Capital Flows
Capital flows are the holy-grail of forecasting future asset prices. If a trader/investor can solve the puzzle of where capital flows into and out of next then he/she can forecast the trajectory of financial assets prices with a high degree of accuracy.
The US 10 Year Treasury Note is the financial instrument that has the most impact on global capital flows.
What are Treasuries and how do they have an impact on capital flows?
A Treasuries Note is a government debt instrument issued by the United States Department of the Treasury to finance government spending as an alternative to taxation.
Treasuries are fixed income instrument that pays the investor yields on the capital invested. The original amount is then returned to the investor on the treasury’s maturity date which can either be long term or short term. Treasuries market is the largest in the world, it is worth $15 trillion. Moreover, treasuries are at the center of global finance and economics.
Treasuries (or the US debt market) have an impact on capital flows because treasury yields indicate to investors where the economy is in the economic cycle. So when Capital flows in the US debt market create an inverted yield curve that is the writing on the wall which typically spells pending recession.
What is an inverted yield curve?
When Capital flows into long-term US Treasury bonds, that increase the price of the US 10 Yr and sends its corresponding yield lower. But that draws capital away from short-term US Treasury bonds which means the Treasury has to issue notes with higher yields to attract investors. So capital flows into long-term US Treasury bonds and out of Treasury bonds with a shorter maturity date, thereby creating an inverted yield curve which looks like this.
The inverted yield curve is a recession indicator because it means that capital flows have gone into long-term US Treasury bonds. Put another way, investors’ capital flows indicate a bearish outlook on stocks, dividends, and interest rates. So an inverted yield curve is an early warning of the end of an economic peak in the cycle.
For example, the yield curve inverting occurred before the 2008 housing market crisis in December 2005, almost three years before the crash. The last seven US recessions were preceded by an inverted yield curve. Perhaps another inversion of the yield curve be on its way.
When investors are optimistic about the future economic prospects capital flows out of long-term US Treasury bonds, fixed incomes and into growth stocks with the aim of scooping up potential higher dividends from stocks. In the booming economic cycle potential, higher dividends from stocks become more attractive to investors than relative to low long-term fixed-income yields.
View how the yield curve looks when investors are optimistic about future economic prospects.
Notice how long-term maturity debt isn’t that sexy when the economic cycle is trending upwards. So long-term maturity yields have to rise to lure investors.

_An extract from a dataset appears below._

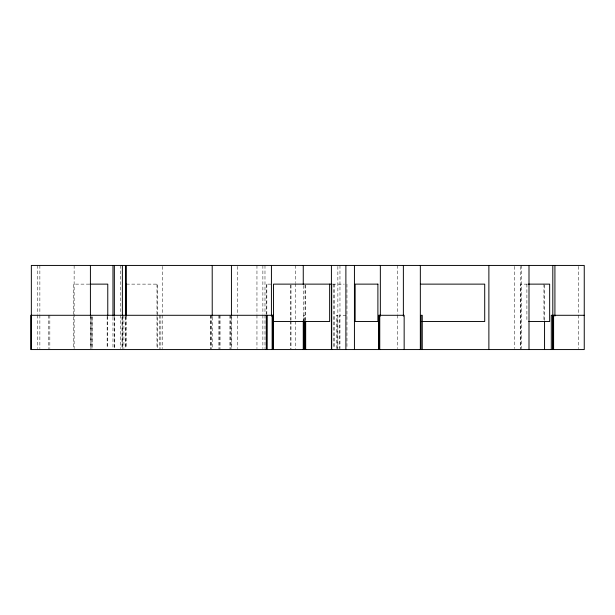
<?xml version="1.0" encoding="UTF-8"?>
<svg xmlns="http://www.w3.org/2000/svg" width="615" height="615" viewBox="0 0 615 615"><rect width="100%" height="100%" fill="white"/><g stroke="black" fill="none" stroke-linecap="round" stroke-linejoin="round"><path stroke-width="0.46" stroke-dasharray="3.08 2.31" d="M89.39 284.13L73.508 284.13L73.508 348.62M126.329 284.13L157.601 284.13L157.601 348.62M270.854 284.13L266.203 284.13L266.203 314.48M332.692 284.13L344.262 284.13M527.286 284.13L520.813 284.13L520.813 348.62M346.145 315.287L339.695 315.287L339.695 348.613M578.331 266.387L578.331 314.196M578.331 315.149L578.331 348.613M544.559 285.076L544.559 320.169M543.937 284.13L543.937 320.169M526.894 284.13L526.894 321.522M521.435 265.434L521.435 348.62M520.451 266.387L520.451 348.613M514.524 266.387L514.532 348.613M397.451 265.434L397.451 314.196M397.451 315.149L397.451 348.613M346.96 284.13L346.96 348.62M339.964 265.434L339.964 348.613M337.858 266.387L337.858 348.613M337.527 348.613L337.527 315.287L336.344 315.287L336.344 348.613M334.368 284.13L334.368 348.62M333.292 284.13L333.292 348.62M305.67 285.076L305.67 320.169M305.048 285.076L305.048 320.169M304.771 320.999L304.771 315.287L303.587 315.287L303.587 320.999M303.257 285.514L303.257 320.884M295.231 265.434L295.231 282.646M295.231 283.6L295.231 348.613M291.01 285.076L291.01 320.169M291.01 321.115L291.01 348.62M290.388 285.076L290.388 320.169M290.388 321.115L290.388 348.62M266.833 284.13L266.833 314.48M264.98 265.434L264.98 314.196M264.98 315.149L264.98 348.613M262.874 265.434L262.874 314.196M262.874 315.149L262.874 348.613M256.955 265.434L256.955 314.196M256.955 315.149L256.955 348.613M237.352 266.387L237.352 314.196M237.352 315.149L237.352 348.613M231.432 317.063L231.432 348.613M231.102 315.287L231.102 348.613M230.51 315.287L230.51 348.613M229.918 315.287L229.918 348.613M220.055 315.287L220.055 348.613M219.463 315.287L219.463 348.613M218.863 315.287L218.863 348.613M212.229 317.063L212.206 348.613M211.506 315.287L211.506 348.613M210.907 315.287L210.907 348.613M210.315 315.287L210.315 348.613M162.437 266.387L162.437 314.196M162.437 315.149L162.437 348.613M160.853 315.287L160.853 348.613M159.669 315.287L159.669 348.613M156.979 284.13L156.979 348.62M126.329 316.371L126.329 348.62M125.706 316.371L125.706 348.62M125.506 317.063L125.506 348.613M123.892 315.287L123.892 348.613M122.7 315.287L122.7 348.613M122.377 317.063L122.377 348.613M122.016 317.063L122.016 348.613M120.271 265.434L120.271 314.196M120.271 315.149L120.271 348.613M112.976 317.063L112.976 348.613M107.771 316.371L107.771 348.62M107.148 316.371L107.148 348.62M92.55 317.194L92.55 348.613M91.927 315.287L91.927 348.613M91.328 317.194L91.328 348.613M90.736 315.287L90.736 348.613M90.413 317.063L90.413 348.613M74.131 265.434L74.131 348.62M49.83 315.287L49.83 348.613M48.639 315.287L48.639 348.613M39.867 265.434L39.867 314.196M39.867 315.149L39.867 348.613M37.261 265.434L37.261 314.196M37.261 315.149L37.261 348.613M114.352 317.063L114.352 348.613L114.352 317.063"/><path stroke-width="0.92" d="M114.352 316.102L114.352 265.434M90.013 284.13L107.771 284.13L107.771 315.426M126.329 284.13L125.706 284.13L125.706 315.426M331.885 284.13L273.506 284.13L273.506 321.522L329.648 321.522L329.648 284.13M420.383 284.13L484.712 284.13L484.712 321.522L420.383 321.522M528.208 284.13L549.656 284.13L549.656 321.522L528.792 321.522M584.25 315.287L553.008 315.287L553.008 349.566M554.915 265.434L554.915 316.102M553.6 315.287L553.6 349.566M552.808 265.434L552.808 349.566M552.485 349.566L552.485 315.287L551.294 315.287L551.294 349.566M544.559 321.115L544.559 349.566M529 265.434L529 349.566M488.879 265.434L488.879 349.566M422.251 349.566L422.251 315.287L421.06 315.287L421.06 349.566M420.337 265.434L420.337 349.566M404.155 349.566L404.155 315.287L378.571 315.287L378.571 349.566M403.371 265.434L403.371 316.102M380.347 265.434L380.347 316.102M379.755 315.287L379.755 349.566M379.163 315.287L379.163 349.566M354.432 265.434L354.432 349.566M345.884 265.434L345.884 349.566M331.693 284.13L331.693 349.566M331.408 265.434L331.408 349.566M305.67 321.115L305.67 349.566M305.048 321.115L305.048 349.566M304.771 320.999L304.771 349.566M303.587 320.999L303.587 349.566M303.257 265.434L303.257 284.553M303.257 320.884L303.257 349.566M273.329 349.566L273.329 315.287L30.75 315.287L30.75 349.566L584.25 349.566L584.25 265.434L126.329 265.434L126.329 316.102M272.737 315.287L272.737 349.566M272.145 315.287L272.145 349.566M271.423 265.434L271.423 316.102M266.295 315.287L266.295 349.566M231.432 265.434L231.432 316.102M212.206 265.434L212.229 316.102M125.506 316.102L125.506 265.434L31.342 265.434L31.342 349.566M122.377 265.434L122.377 316.102M112.976 265.434L112.976 316.102M90.413 265.434L90.413 316.102M377.894 284.13L355.139 284.13L355.139 321.522L377.894 321.522L377.894 284.13M266.887 349.566L266.887 315.287L266.825 349.566"/></g></svg>

But with the US 10 Year Treasury note yields hovering near 52-week highs the Fed could also inject more capital flows into the market, thereby suppressing yields from going higher.
Rising US 10 Year Treasury note yields and a strengthening USD would be a negative signal for stocks
When yields rise, stocks fall and the USD appreciates this means there is a sell-off in US debt and stocks. This would be a bearish scenario where capital flows out of stocks and bonds and into cash accounts.
US 10 Year Treasury has capital outflows could be due to a number of factors
The Fed quantitative tightening, where the Fed unwinds its balance sheet. The Fed chair’s higher loyalty means that the Fed chair Jay Powell who is continuing with the Fed policy of monetary normalization (which requires further fed fund hikes and quantitative tightening where the central bank unwinds its massive 4.2 trillion dollar balance sheet) is likely to clash with US President Trump.
Tighter capital flows into the US 10 Year Treasury is not entirely all the Fed’s fault
The current US administration’s trade war and one trillion dollar infrastructure spending plan could all be legitimate concerns that are keeping foreign investors at bay.
“Foreign Buying of U.S. Treasurys Softens, Unsettling Financial Markets” according to a recent piece in the Wall Street Journal.
Investor pullback has fueled a bond selloff and shaken a nine-year-long rally in stocks. Overseas investors, traders and central bankers are buying fewer Treasuries. Foreign capital flows into US Treasuries have been declining over the last decade. Foreign buyers now hold 41% of outstanding Treasury debt, their lowest share in 15 years, down from 50% as recently as 2013, according to U.S. Treasury data.
So foreign pullback is also adding to the bond sell-off, which has driven the 10-year yield to 3.17% and that has somewhat rattled the nine-year-long rally in US stocks.
But when capital flows out of Treasuries it not only increases yields, it also has an effect on the real economy by raising companies’ and investors’ borrowing costs. Higher borrowing costs reduce household demand and increase business costs which in turn dampens investor’s appetite for dividend-paying stocks.
“Yields are rising to reflect a risk premium, rather than healthy growth,“ said Mark McCormick, the North American head of foreign exchange strategy at TD Securities. “People are concerned about how reliable a store of value the dollar is right now.”
So when capital flows out of the US 10 year causing yields to spiral above 4.5%, gold rallies above 1440 USD and the USD falls then that is when I believe there may be trouble ahead. Until then all is good.. that’s my 50 cents worth.